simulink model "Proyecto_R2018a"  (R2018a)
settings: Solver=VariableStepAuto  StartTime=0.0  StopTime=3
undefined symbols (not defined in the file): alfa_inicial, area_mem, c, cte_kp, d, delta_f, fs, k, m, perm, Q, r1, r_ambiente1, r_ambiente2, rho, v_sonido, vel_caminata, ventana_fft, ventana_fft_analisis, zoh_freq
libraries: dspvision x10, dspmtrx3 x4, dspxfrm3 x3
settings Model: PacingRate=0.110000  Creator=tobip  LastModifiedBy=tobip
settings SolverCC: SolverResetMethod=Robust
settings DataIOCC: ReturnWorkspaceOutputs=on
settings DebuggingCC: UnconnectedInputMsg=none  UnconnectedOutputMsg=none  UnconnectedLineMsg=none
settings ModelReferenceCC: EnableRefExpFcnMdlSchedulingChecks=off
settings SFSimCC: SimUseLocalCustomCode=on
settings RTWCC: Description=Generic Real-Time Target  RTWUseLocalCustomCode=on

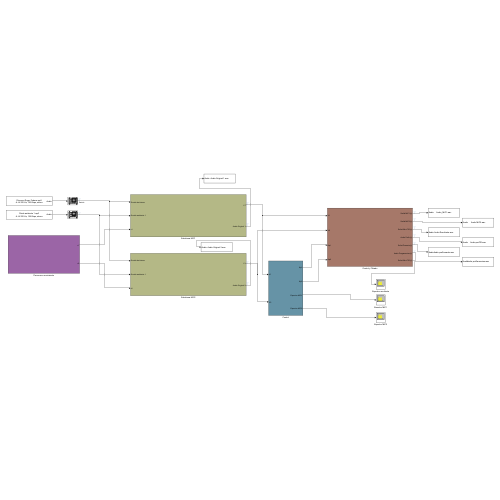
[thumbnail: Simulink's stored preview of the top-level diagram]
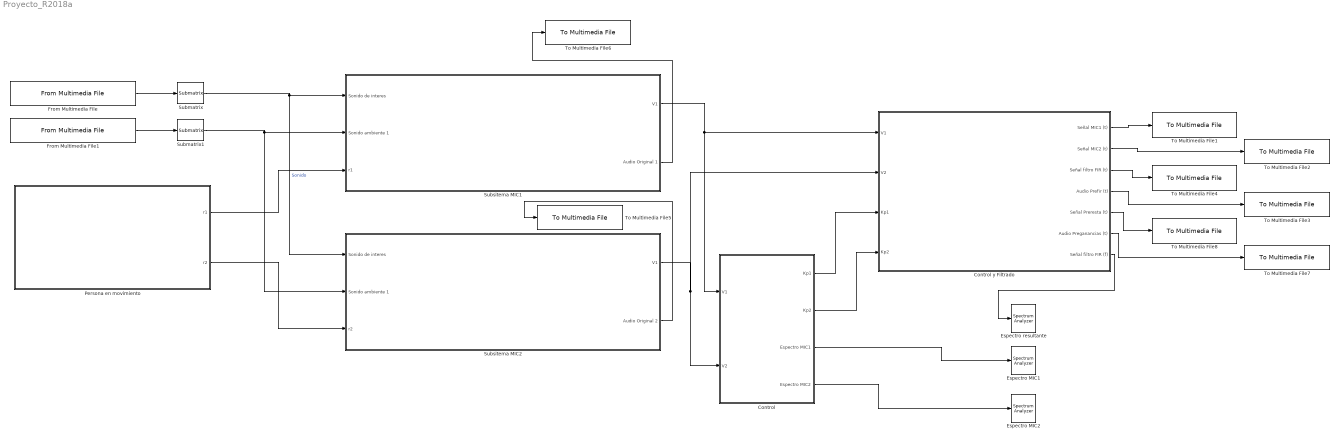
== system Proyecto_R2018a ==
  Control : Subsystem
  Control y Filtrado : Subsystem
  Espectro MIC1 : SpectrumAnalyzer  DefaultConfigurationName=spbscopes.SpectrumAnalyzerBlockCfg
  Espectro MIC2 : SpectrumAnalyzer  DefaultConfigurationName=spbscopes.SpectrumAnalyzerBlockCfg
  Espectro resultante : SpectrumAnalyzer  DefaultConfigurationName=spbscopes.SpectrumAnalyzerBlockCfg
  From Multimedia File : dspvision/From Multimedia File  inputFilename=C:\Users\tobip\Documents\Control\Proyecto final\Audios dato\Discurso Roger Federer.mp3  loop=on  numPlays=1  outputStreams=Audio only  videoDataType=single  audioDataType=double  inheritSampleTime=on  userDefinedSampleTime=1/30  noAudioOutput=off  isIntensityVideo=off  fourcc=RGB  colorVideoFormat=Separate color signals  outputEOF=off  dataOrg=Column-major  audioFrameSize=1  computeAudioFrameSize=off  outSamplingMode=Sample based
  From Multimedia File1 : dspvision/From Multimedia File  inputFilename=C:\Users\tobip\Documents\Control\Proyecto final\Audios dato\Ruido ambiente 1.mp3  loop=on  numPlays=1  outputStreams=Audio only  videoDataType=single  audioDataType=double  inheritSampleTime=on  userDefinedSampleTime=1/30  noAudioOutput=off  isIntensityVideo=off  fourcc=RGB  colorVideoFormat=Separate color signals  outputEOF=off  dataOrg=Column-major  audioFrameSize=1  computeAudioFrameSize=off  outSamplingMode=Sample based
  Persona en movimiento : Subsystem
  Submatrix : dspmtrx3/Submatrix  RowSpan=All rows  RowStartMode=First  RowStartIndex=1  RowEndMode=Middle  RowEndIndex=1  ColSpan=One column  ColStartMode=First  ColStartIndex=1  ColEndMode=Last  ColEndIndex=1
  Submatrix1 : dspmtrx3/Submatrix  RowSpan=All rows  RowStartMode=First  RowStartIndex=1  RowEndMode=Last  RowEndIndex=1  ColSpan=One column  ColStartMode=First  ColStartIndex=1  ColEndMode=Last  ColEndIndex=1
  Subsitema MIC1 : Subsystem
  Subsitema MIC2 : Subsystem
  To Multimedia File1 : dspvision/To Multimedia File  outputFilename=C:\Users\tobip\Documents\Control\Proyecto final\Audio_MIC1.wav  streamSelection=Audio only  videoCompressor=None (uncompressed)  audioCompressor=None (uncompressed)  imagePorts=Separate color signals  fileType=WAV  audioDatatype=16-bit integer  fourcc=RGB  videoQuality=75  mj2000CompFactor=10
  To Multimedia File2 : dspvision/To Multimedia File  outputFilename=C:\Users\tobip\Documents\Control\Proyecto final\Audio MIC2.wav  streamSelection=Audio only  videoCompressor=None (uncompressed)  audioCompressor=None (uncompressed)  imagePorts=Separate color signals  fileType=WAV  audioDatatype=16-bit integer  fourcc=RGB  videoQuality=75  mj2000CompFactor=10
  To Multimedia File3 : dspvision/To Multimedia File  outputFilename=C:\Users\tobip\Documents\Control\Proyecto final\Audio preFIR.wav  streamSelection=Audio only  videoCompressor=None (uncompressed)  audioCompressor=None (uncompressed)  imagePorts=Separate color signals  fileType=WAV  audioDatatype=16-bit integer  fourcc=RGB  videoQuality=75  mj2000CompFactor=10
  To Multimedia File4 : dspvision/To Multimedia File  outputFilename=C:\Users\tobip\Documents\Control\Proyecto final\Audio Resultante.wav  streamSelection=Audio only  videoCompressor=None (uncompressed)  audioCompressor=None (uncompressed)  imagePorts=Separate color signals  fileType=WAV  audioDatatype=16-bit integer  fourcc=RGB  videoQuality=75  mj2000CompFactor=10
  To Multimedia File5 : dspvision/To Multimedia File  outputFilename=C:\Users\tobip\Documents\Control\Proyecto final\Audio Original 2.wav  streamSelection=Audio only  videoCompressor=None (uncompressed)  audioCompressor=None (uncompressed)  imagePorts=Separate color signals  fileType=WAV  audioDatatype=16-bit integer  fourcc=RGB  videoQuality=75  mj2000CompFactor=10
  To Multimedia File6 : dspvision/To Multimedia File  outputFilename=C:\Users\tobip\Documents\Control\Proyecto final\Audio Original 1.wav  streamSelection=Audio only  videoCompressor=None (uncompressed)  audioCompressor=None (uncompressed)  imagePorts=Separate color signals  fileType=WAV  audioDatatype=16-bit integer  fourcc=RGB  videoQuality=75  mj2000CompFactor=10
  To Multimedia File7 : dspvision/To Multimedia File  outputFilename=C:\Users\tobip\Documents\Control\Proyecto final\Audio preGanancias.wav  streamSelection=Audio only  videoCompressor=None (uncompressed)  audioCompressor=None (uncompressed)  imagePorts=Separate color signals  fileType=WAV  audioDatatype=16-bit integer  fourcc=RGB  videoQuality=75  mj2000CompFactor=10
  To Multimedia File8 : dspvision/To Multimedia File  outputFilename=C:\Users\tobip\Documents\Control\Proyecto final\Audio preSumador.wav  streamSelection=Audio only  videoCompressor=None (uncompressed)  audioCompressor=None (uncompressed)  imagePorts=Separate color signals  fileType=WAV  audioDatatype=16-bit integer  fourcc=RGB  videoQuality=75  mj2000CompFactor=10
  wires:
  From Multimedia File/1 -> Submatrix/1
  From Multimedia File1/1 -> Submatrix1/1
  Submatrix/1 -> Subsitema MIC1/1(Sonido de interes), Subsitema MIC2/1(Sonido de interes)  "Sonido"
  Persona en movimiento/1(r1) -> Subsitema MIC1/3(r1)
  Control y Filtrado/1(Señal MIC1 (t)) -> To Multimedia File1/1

Work instructions: Tally the lines above that hold "Espectro" and write the result as a lone number.

Result for this exercise: 3